Ryken has had a lot of conversations with students of color this year about what he calls “the good, the bad, and the ugly.” “Depending on what day it is, I see our situation at Wheaton either as a glass half full or as a glass half empty,” said Ryken. “There’s no doubt that we have a lot of ongoing progress to make, particularly in the openness of our student body as a whole to experiencing other cultures and also making space for the right kinds of open dialogues about race that really lead to deeper understanding.”

Philip Ryken: 'Wheaton's proud legacy was sometimes squandered.'

One of the positives Ryken sees is the 461 students of color among the 3,000 currently on campus. When he was a Wheaton student in the 1980s, there were less than 100, he said. Forty-nine percent of these students are Asian, 18 percent are African American, and 21 percent are Hispanic, Ryken said, and many of them serve in positions of leadership on campus.

“They’re really thriving in the use of their gifts on campus. They’re not marginalized, but really flourishing,” said Ryken.

Among the ongoing challenges he sees is that “nearly all” students of color at Wheaton say other students and/or faculty have “made assumptions about them” or “made comments that were hurtful in ways that maybe even the person who said it didn’t understand.” Some students are “ready for a dialogue about ethnicity, race, culture, and the gospel,” he said, while others are “indifferent.”

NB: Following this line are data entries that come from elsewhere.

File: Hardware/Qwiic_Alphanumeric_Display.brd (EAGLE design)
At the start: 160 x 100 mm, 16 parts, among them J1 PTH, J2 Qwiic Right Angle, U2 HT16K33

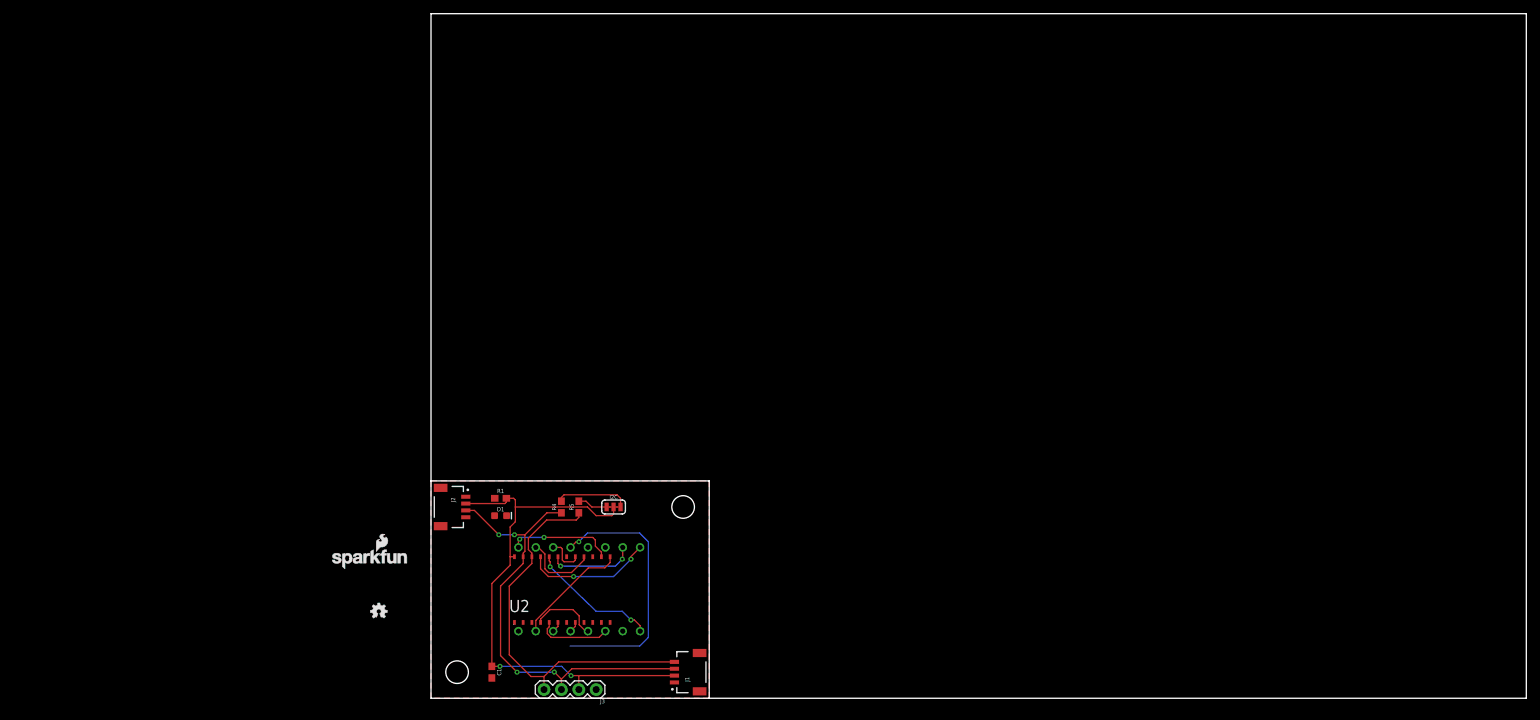
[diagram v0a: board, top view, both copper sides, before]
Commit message: New Board Layout
The pins were remapped with the LED Driver and the Display to create a better board layout.
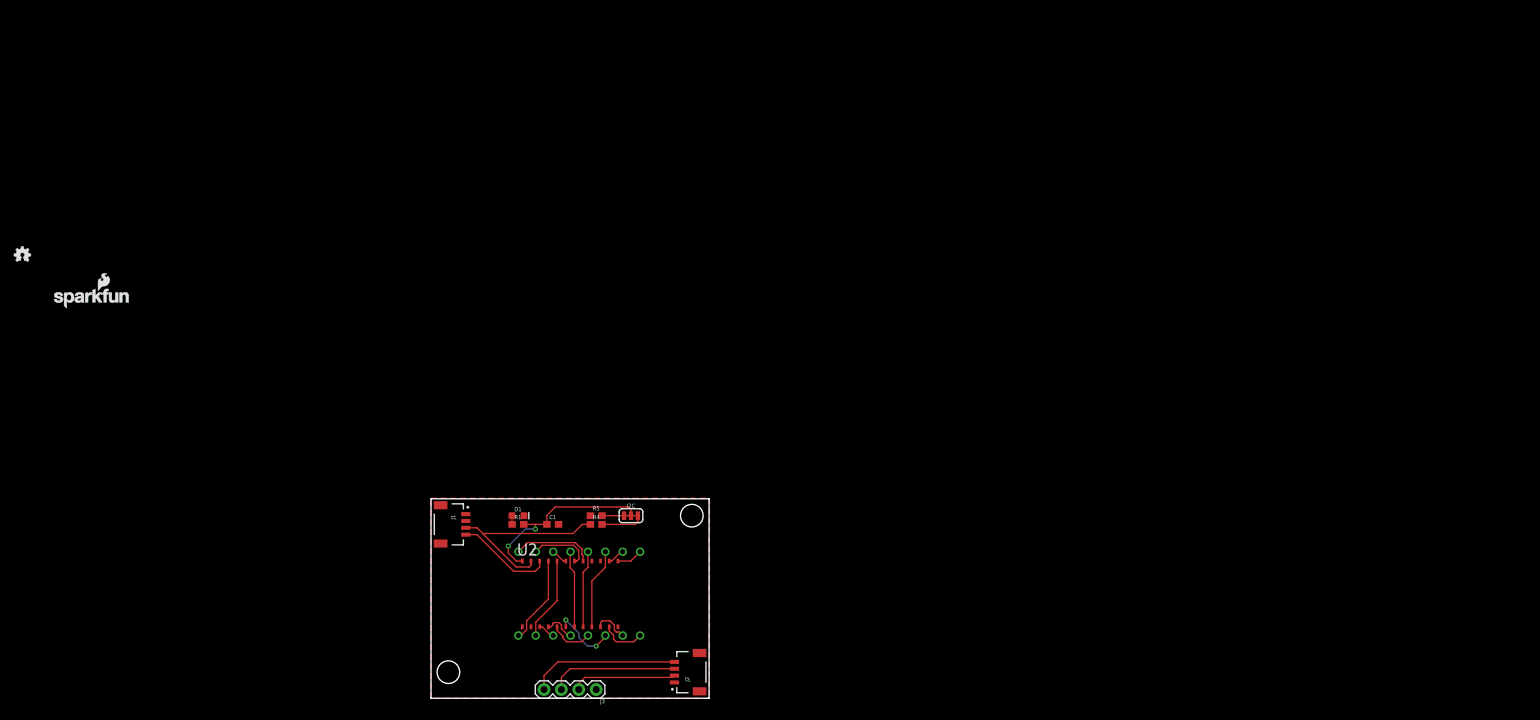
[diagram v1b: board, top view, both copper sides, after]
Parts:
- moved FRAME1 95.2 mm to (-80.0, 48.3)
- moved LOGO1 73.6 mm to (-59.7, 64.8)
- moved LOGO2 55.7 mm to (-49.5, 58.4)
- moved JP1 41.9 mm to (2.54, 3.81), flipped to the bottom
- moved JP8 41.2 mm to (38.1, 26.7)
- moved J2 38.9 mm to (35.6, 3.81), turned to 90 degrees
- moved J1 37.4 mm to (5.08, 25.4), turned to 270 degrees
- moved C1 23.3 mm to (17.8, 25.4), turned to 0 degrees
- moved R4 5.68 mm to (24.1, 25.4), turned to 0 degrees
- moved R1 4.58 mm to (12.7, 25.4)
- moved I2C 2.84 mm to (29.2, 26.7)
- moved R5 2.84 mm to (24.1, 26.7), turned to 0 degrees
- moved D1 2.54 mm to (12.7, 26.7)
- moved U2 1.31 mm to (20.3, 15.2)
- moved U1 0.63 mm to (21.3, 14.9)
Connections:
- net COM_A: now also U2.9; no longer U2.2
- net COM_B: now also U2.8; no longer U2.3
- net COM_C: now also U2.5; no longer U2.4
- net COM_D: now also U2.6; no longer U2.5
- net COM_E: now also U2.3; no longer U2.6
- net COM_G1: now also U2.4; no longer U2.8
- net DIG_1A: now also U2.13; no longer U2.21
- net DIG_1B: now also U2.11; no longer U2.20
- net DIG_2A: now also U2.14; no longer U2.19
- net DIG_2B: now also U2.10; no longer U2.18
- net DIG_3A: now also U2.19; no longer U2.17
- net DIG_3B: now also U2.18; no longer U2.16
- net DIG_4A: now also U2.21; no longer U2.15
- net DIG_4B: now also U2.17; no longer U2.14
- net DIG_DP: now also U2.20; no longer U2.13
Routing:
- net 3.3V: track 79.6 -> 43.0 mm
- net COM_F: track 38.7 -> 11.3 mm, vias 1 -> 0
- net SCL: track 56.1 -> 36.1 mm
- net SDA: track 64.9 -> 47.7 mm, vias 4 -> 0
- net DIG_1A: track 18.8 -> 3.81 mm, vias 2 -> 0
- net DIG_4A: track 0.00 -> 12.9 mm
- net DIG_1B: track 19.0 -> 6.48 mm, vias 2 -> 0
- net COM_A: track 0.00 -> 11.8 mm
- net COM_B: track 0.00 -> 11.3 mm
- net DIG_2A: track 12.7 -> 2.54 mm, vias 2 -> 0
- net DIG_2B: track 0.00 -> 5.29 mm
- net DIG_DP: track 16.8 -> 12.2 mm
- net N$5: track 10.8 -> 6.29 mm
- net COM_C: track 10.0 -> 6.25 mm
- net DIG_4B: track 15.4 -> 12.0 mm, vias 2 -> 0
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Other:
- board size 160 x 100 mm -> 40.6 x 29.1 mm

The residence life staff at Wheaton is intentionally being trained to address issues of ethnicity, Ryken said, and talks are underway about designating one of Wheaton’s residence houses as an intentionally diverse living community. Additionally, a faculty development day may be set aside next year to hear from students of color as part of a proactive approach to fostering healthy dialogue about race in Wheaton’s classrooms. Although there has been a long-standing and comprehensive diversity requirement for all of Wheaton’s courses, Ryken said the faculty recognizes its need to grow in “cross-cultural competency.”

When people ask Ryken why Wheaton is re-prioritizing race, he says the most important thing to tell them is, “because this is what Scripture teaches.” But, he said, it also helps to be able to say, “because this is the school that we were founded to be.”

Reaching for the Future

Glen Kinoshita: 'Students need to be engaged on multiple levels.'

For our previous article, Glen Kinoshita, director of multi-ethnic programs and development at Biola University in La Mirada, California, told us that it can be challenging for students to shift their frame of reference, but if it is done with regularity and in community, they can grow in their “ethnic identity development.”

This takes time, Kinoshita said, and students need to be engaged on multiple levels. Individual reflection, reading articles and books, watching documentary films, and getting plugged into a larger group dialogue to gain perspective and build relationships are among the activities he suggests. Kinoshita even formed Multi Ethnic Film Productions at Biola to stimulate “thought, dialogue, and change within Christian higher education.”

While these and other Christian college leaders press ahead in embracing a multi-racial future, friends at secular institutions tell Joel Perez that the diversity conversation is changing. Instead of being driven by a Black-White binary, it has become much more nuanced. Religious diversity, multi-ethnicity, and sexual orientation are increasingly at the forefront of the discussion. Some of the schools we’ve highlighted here are already grappling with these issues. Others have only just begun.